**The task:**
What you return must match the data below exactly, minus any pictures.
··· Information provided ···
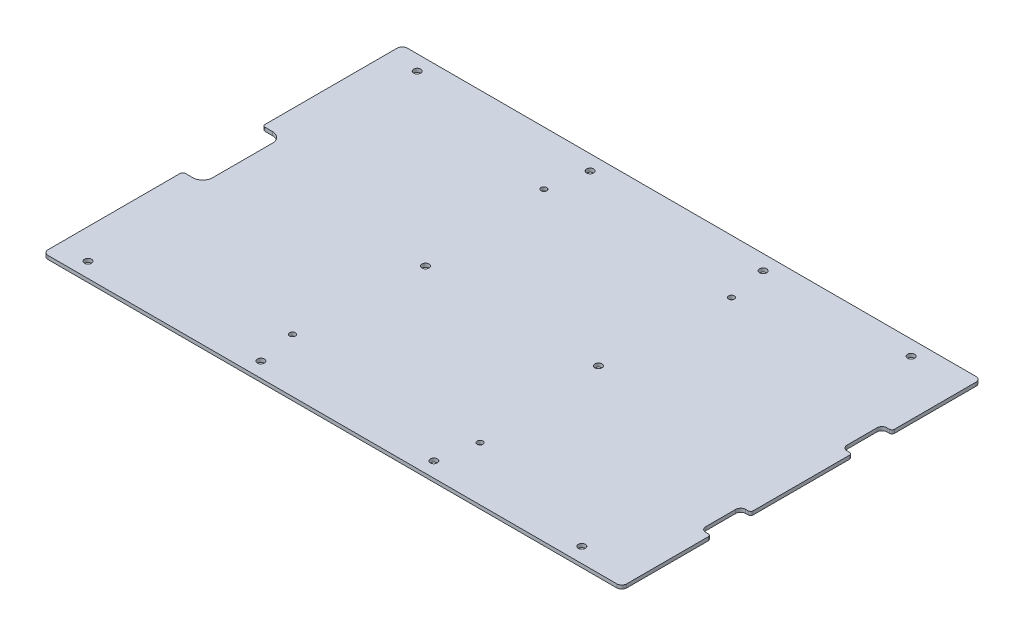
SolidWorks part; units mm, degrees
material "1060 Alloy"
ref_plane "Front" through (0, 0, 0) normal (0, 0, 1) x (1, 0, 0)
ref_plane "Top" through (0, 0, 0) normal (0, 1, 0) x (1, 0, 0)
ref_plane "Right" through (0, 0, 0) normal (1, 0, 0) x (0, 0, -1)
sketch "Sketch1" plane through (0, 0, 0) normal (0, 1, 0) x (1, 0, 0)
  line L0 (-55.0333, 0) -> (-165.1, 0) construction
  line L1 (-180.975, 114.3) -> (180.975, 114.3)
  line L2 (-184.15, 111.125) -> (-184.15, -111.125)
  line L3 (-180.975, -114.3) -> (180.975, -114.3)
  line L4 (184.15, 111.125) -> (184.15, -111.125)
  line L5 (-184.15, 114.3) -> (184.15, -114.3) construction
  line L6 (-184.15, -114.3) -> (184.15, 114.3) construction
  line L7 (-165.1, -104.775) -> (165.1, -104.775) construction
  line L8 (-165.1, -104.775) -> (-165.1, 104.775) construction
  line L9 (-165.1, 104.775) -> (165.1, 104.775) construction
  line L10 (165.1, -104.775) -> (165.1, 104.775) construction
  line L11 (-165.1, -104.775) -> (165.1, 104.775) construction
  line L12 (-165.1, 104.775) -> (165.1, -104.775) construction
  line L13 (-55.0333, -104.775) -> (55.0333, -104.775) construction
  line L14 (-55.0333, -104.775) -> (-55.0333, 104.775) construction
  line L15 (-55.0333, 104.775) -> (55.0333, 104.775) construction
  line L16 (55.0333, -104.775) -> (55.0333, 104.775) construction
  line L17 (-55.0333, -104.775) -> (55.0333, 104.775) construction
  line L18 (-55.0333, 104.775) -> (55.0333, -104.775) construction
  line L19 (55.0333, 0) -> (165.1, 0) construction
  line L20 (-55.0333, 0) -> (55.0333, 0) construction
  line L31 (-59.69, 80.01) -> (59.69, 80.01) construction
  line L32 (149.225, -104.775) -> (149.225, 104.775) construction
  line L33 (-59.69, 80.01) -> (-59.69, -80.01) construction
  line L34 (-59.69, -80.01) -> (59.69, -80.01) construction
  line L35 (59.69, 80.01) -> (59.69, -80.01) construction
  line L36 (-59.69, 80.01) -> (59.69, -80.01) construction
  line L37 (-59.69, -80.01) -> (59.69, 80.01) construction
  circle A0 centre (-165.1, 104.775) radius 2.2479
  circle A1 centre (-55.0333, 104.775) radius 2.2479
  circle A2 centre (55.0333, 104.775) radius 2.2479
  circle A3 centre (165.1, 104.775) radius 2.2479 construction
  circle A4 centre (165.1, -104.775) radius 2.2479 construction
  circle A5 centre (55.0333, -104.775) radius 2.2479
  circle A6 centre (-55.0333, -104.775) radius 2.2479
  circle A7 centre (-165.1, -104.775) radius 2.2479
  circle A12 centre (-55.0333, 0) radius 2.2479
  circle A13 centre (55.0333, 0) radius 2.2479
  arc A14 (184.15, 111.125) -> (180.975, 114.3) centre (180.975, 111.125) ccw
  arc A15 (184.15, -111.125) -> (180.975, -114.3) centre (180.975, -111.125) cw
  arc A16 (-180.975, -114.3) -> (-184.15, -111.125) centre (-180.975, -111.125) cw
  arc A17 (-180.975, 114.3) -> (-184.15, 111.125) centre (-180.975, 111.125) ccw
  circle A24 centre (149.225, -104.775) radius 2.2479
  circle A25 centre (149.225, 104.775) radius 2.2479
  circle A26 centre (59.69, -80.01) radius 1.8288
  circle A27 centre (-59.69, -80.01) radius 1.8288
  circle A28 centre (-59.69, 80.01) radius 1.8288
  circle A29 centre (59.69, 80.01) radius 1.8288
  point P0 (0, 0)
  point P6 (0, 0)
  point P11 (0, 0)
  point P28 (0, 0)
  point P29 (0, 0)
  point P32 (0, 0)
  dimension "D5" = 4.4958
  dimension "D8" = 3.6576
  dimension "D11" = 3.175
  dimension "D1" = 368.3
  dimension "D2" = 228.6
  dimension "D3" = 9.525
  dimension "D4" = 19.05
  dimension "D6" = 160.02
  dimension "D7" = 34.925
  dimension "D9" = 119.38
extrude "Boss-Extrude1" add sketch "Sketch1" along normal blind 2.286
sketch "Sketch2" plane through (0, 0, 0) normal (0, -1, 0) x (1, 0, 0)
  line L5 (184.15, 111.125) -> (184.15, -111.125) construction
  line L6 (184.15, 57.658) -> (180.975, 57.658)
  line L7 (184.15, 57.658) -> (184.15, 32.258)
  line L8 (184.15, 32.258) -> (180.975, 32.258)
  line L9 (177.8, 54.483) -> (177.8, 35.433)
  line L10 (-184.15, 0) -> (183.134, 0) construction
  line L11 (-184.15, -111.125) -> (-184.15, 111.125) construction
  line L12 (183.134, -115.824) -> (183.134, 115.824) construction
  line L13 (177.8, 44.958) -> (184.15, 44.958) construction
  line L14 (184.15, -32.258) -> (180.975, -32.258)
  line L15 (184.15, -57.658) -> (184.15, -32.258)
  line L16 (177.8, -54.483) -> (177.8, -35.433)
  line L17 (184.15, -57.658) -> (180.975, -57.658)
  line L19 (-184.15, 25.4) -> (-177.8, 25.4)
  line L20 (-184.15, 25.4) -> (-184.15, -25.4)
  line L21 (-184.15, -25.4) -> (-177.8, -25.4)
  line L22 (-171.45, 19.05) -> (-171.45, -19.05)
  arc A0 (180.975, -57.658) -> (177.8, -54.483) centre (180.975, -54.483) cw
  arc A1 (177.8, -35.433) -> (180.975, -32.258) centre (180.975, -35.433) cw
  arc A2 (177.8, 35.433) -> (180.975, 32.258) centre (180.975, 35.433) ccw
  arc A3 (177.8, 54.483) -> (180.975, 57.658) centre (180.975, 54.483) cw
  arc A4 (-171.45, -19.05) -> (-177.8, -25.4) centre (-177.8, -19.05) cw
  arc A5 (-171.45, 19.05) -> (-177.8, 25.4) centre (-177.8, 19.05) ccw
  point P20 (177.8, -57.658)
  point P23 (177.8, -32.258)
  point P26 (177.8, 32.258)
  point P29 (177.8, 57.658)
  point P38 (-171.45, 25.4)
  dimension "D4" = 3.175
  dimension "D7" = 6.35
  dimension "D1" = 25.4
  dimension "D2" = 44.958
  dimension "D3" = 6.35
  dimension "D5" = 50.8
  dimension "D6" = 12.7
extrude "Cut-Extrude1" cut sketch "Sketch2" against normal through all
fillet "Fillet1" radius 1.5875 6 edges at (184.15, 1.143, -57.658) (184.15, 1.143, -32.258) (184.15, 1.143, 32.258) (184.15, 1.143, 57.658) (-184.15, 1.143, -25.4) (-184.15, 1.143, 25.4)
···
**Response to this task:**
SolidWorks part; units mm, degrees
material "1060 Alloy"
ref_plane "Front" through (0, 0, 0) normal (0, 0, 1) x (1, 0, 0)
ref_plane "Top" through (0, 0, 0) normal (0, 1, 0) x (1, 0, 0)
ref_plane "Right" through (0, 0, 0) normal (1, 0, 0) x (0, 0, -1)
sketch "Sketch1" plane through (0, 0, 0) normal (0, 1, 0) x (1, 0, 0)
  line L0 (-55.0333, 0) -> (-165.1, 0) construction
  line L1 (-180.975, 114.3) -> (180.975, 114.3)
  line L2 (-184.15, 111.125) -> (-184.15, -111.125)
  line L3 (-180.975, -114.3) -> (180.975, -114.3)
  line L4 (184.15, 111.125) -> (184.15, -111.125)
  line L5 (-184.15, 114.3) -> (184.15, -114.3) construction
  line L6 (-184.15, -114.3) -> (184.15, 114.3) construction
  line L7 (-165.1, -104.775) -> (165.1, -104.775) construction
  line L8 (-165.1, -104.775) -> (-165.1, 104.775) construction
  line L9 (-165.1, 104.775) -> (165.1, 104.775) construction
  line L10 (165.1, -104.775) -> (165.1, 104.775) construction
  line L11 (-165.1, -104.775) -> (165.1, 104.775) construction
  line L12 (-165.1, 104.775) -> (165.1, -104.775) construction
  line L13 (-55.0333, -104.775) -> (55.0333, -104.775) construction
  line L14 (-55.0333, -104.775) -> (-55.0333, 104.775) construction
  line L15 (-55.0333, 104.775) -> (55.0333, 104.775) construction
  line L16 (55.0333, -104.775) -> (55.0333, 104.775) construction
  line L17 (-55.0333, -104.775) -> (55.0333, 104.775) construction
  line L18 (-55.0333, 104.775) -> (55.0333, -104.775) construction
  line L19 (55.0333, 0) -> (165.1, 0) construction
  line L20 (-55.0333, 0) -> (55.0333, 0) construction
  line L31 (-59.69, 80.01) -> (59.69, 80.01) construction
  line L32 (149.225, -104.775) -> (149.225, 104.775) construction
  line L33 (-59.69, 80.01) -> (-59.69, -80.01) construction
  line L34 (-59.69, -80.01) -> (59.69, -80.01) construction
  line L35 (59.69, 80.01) -> (59.69, -80.01) construction
  line L36 (-59.69, 80.01) -> (59.69, -80.01) construction
  line L37 (-59.69, -80.01) -> (59.69, 80.01) construction
  circle A0 centre (-165.1, 104.775) radius 2.2479
  circle A1 centre (-55.0333, 104.775) radius 2.2479
  circle A2 centre (55.0333, 104.775) radius 2.2479
  circle A3 centre (165.1, 104.775) radius 2.2479 construction
  circle A4 centre (165.1, -104.775) radius 2.2479 construction
  circle A5 centre (55.0333, -104.775) radius 2.2479
  circle A6 centre (-55.0333, -104.775) radius 2.2479
  circle A7 centre (-165.1, -104.775) radius 2.2479
  circle A12 centre (-55.0333, 0) radius 2.2479
  circle A13 centre (55.0333, 0) radius 2.2479
  arc A14 (184.15, 111.125) -> (180.975, 114.3) centre (180.975, 111.125) ccw
  arc A15 (184.15, -111.125) -> (180.975, -114.3) centre (180.975, -111.125) cw
  arc A16 (-180.975, -114.3) -> (-184.15, -111.125) centre (-180.975, -111.125) cw
  arc A17 (-180.975, 114.3) -> (-184.15, 111.125) centre (-180.975, 111.125) ccw
  circle A24 centre (149.225, -104.775) radius 2.2479
  circle A25 centre (149.225, 104.775) radius 2.2479
  circle A26 centre (59.69, -80.01) radius 1.8288
  circle A27 centre (-59.69, -80.01) radius 1.8288
  circle A28 centre (-59.69, 80.01) radius 1.8288
  circle A29 centre (59.69, 80.01) radius 1.8288
  point P0 (0, 0)
  point P6 (0, 0)
  point P11 (0, 0)
  point P28 (0, 0)
  point P29 (0, 0)
  point P32 (0, 0)
  dimension "D5" = 4.4958
  dimension "D8" = 3.6576
  dimension "D11" = 3.175
  dimension "D1" = 368.3
  dimension "D2" = 228.6
  dimension "D3" = 9.525
  dimension "D4" = 19.05
  dimension "D6" = 160.02
  dimension "D7" = 34.925
  dimension "D9" = 119.38
extrude "Boss-Extrude1" add sketch "Sketch1" along normal blind 2.286
sketch "Sketch2" plane through (0, 0, 0) normal (0, -1, 0) x (1, 0, 0)
  line L5 (184.15, 111.125) -> (184.15, -111.125) construction
  line L6 (184.15, 57.658) -> (180.975, 57.658)
  line L7 (184.15, 57.658) -> (184.15, 32.258)
  line L8 (184.15, 32.258) -> (180.975, 32.258)
  line L9 (177.8, 54.483) -> (177.8, 35.433)
  line L10 (-184.15, 0) -> (183.134, 0) construction
  line L11 (-184.15, -111.125) -> (-184.15, 111.125) construction
  line L12 (183.134, -115.824) -> (183.134, 115.824) construction
  line L13 (177.8, 44.958) -> (184.15, 44.958) construction
  line L14 (184.15, -32.258) -> (180.975, -32.258)
  line L15 (184.15, -57.658) -> (184.15, -32.258)
  line L16 (177.8, -54.483) -> (177.8, -35.433)
  line L17 (184.15, -57.658) -> (180.975, -57.658)
  line L19 (-184.15, 25.4) -> (-177.8, 25.4)
  line L20 (-184.15, 25.4) -> (-184.15, -25.4)
  line L21 (-184.15, -25.4) -> (-177.8, -25.4)
  line L22 (-171.45, 19.05) -> (-171.45, -19.05)
  arc A0 (180.975, -57.658) -> (177.8, -54.483) centre (180.975, -54.483) cw
  arc A1 (177.8, -35.433) -> (180.975, -32.258) centre (180.975, -35.433) cw
  arc A2 (177.8, 35.433) -> (180.975, 32.258) centre (180.975, 35.433) ccw
  arc A3 (177.8, 54.483) -> (180.975, 57.658) centre (180.975, 54.483) cw
  arc A4 (-171.45, -19.05) -> (-177.8, -25.4) centre (-177.8, -19.05) cw
  arc A5 (-171.45, 19.05) -> (-177.8, 25.4) centre (-177.8, 19.05) ccw
  point P20 (177.8, -57.658)
  point P23 (177.8, -32.258)
  point P26 (177.8, 32.258)
  point P29 (177.8, 57.658)
  point P38 (-171.45, 25.4)
  dimension "D4" = 3.175
  dimension "D7" = 6.35
  dimension "D1" = 25.4
  dimension "D2" = 44.958
  dimension "D3" = 6.35
  dimension "D5" = 50.8
  dimension "D6" = 12.7
extrude "Cut-Extrude1" cut sketch "Sketch2" against normal through all
fillet "Fillet1" radius 1.5875 6 edges at (184.15, 1.143, -57.658) (184.15, 1.143, -32.258) (184.15, 1.143, 32.258) (184.15, 1.143, 57.658) (-184.15, 1.143, -25.4) (-184.15, 1.143, 25.4)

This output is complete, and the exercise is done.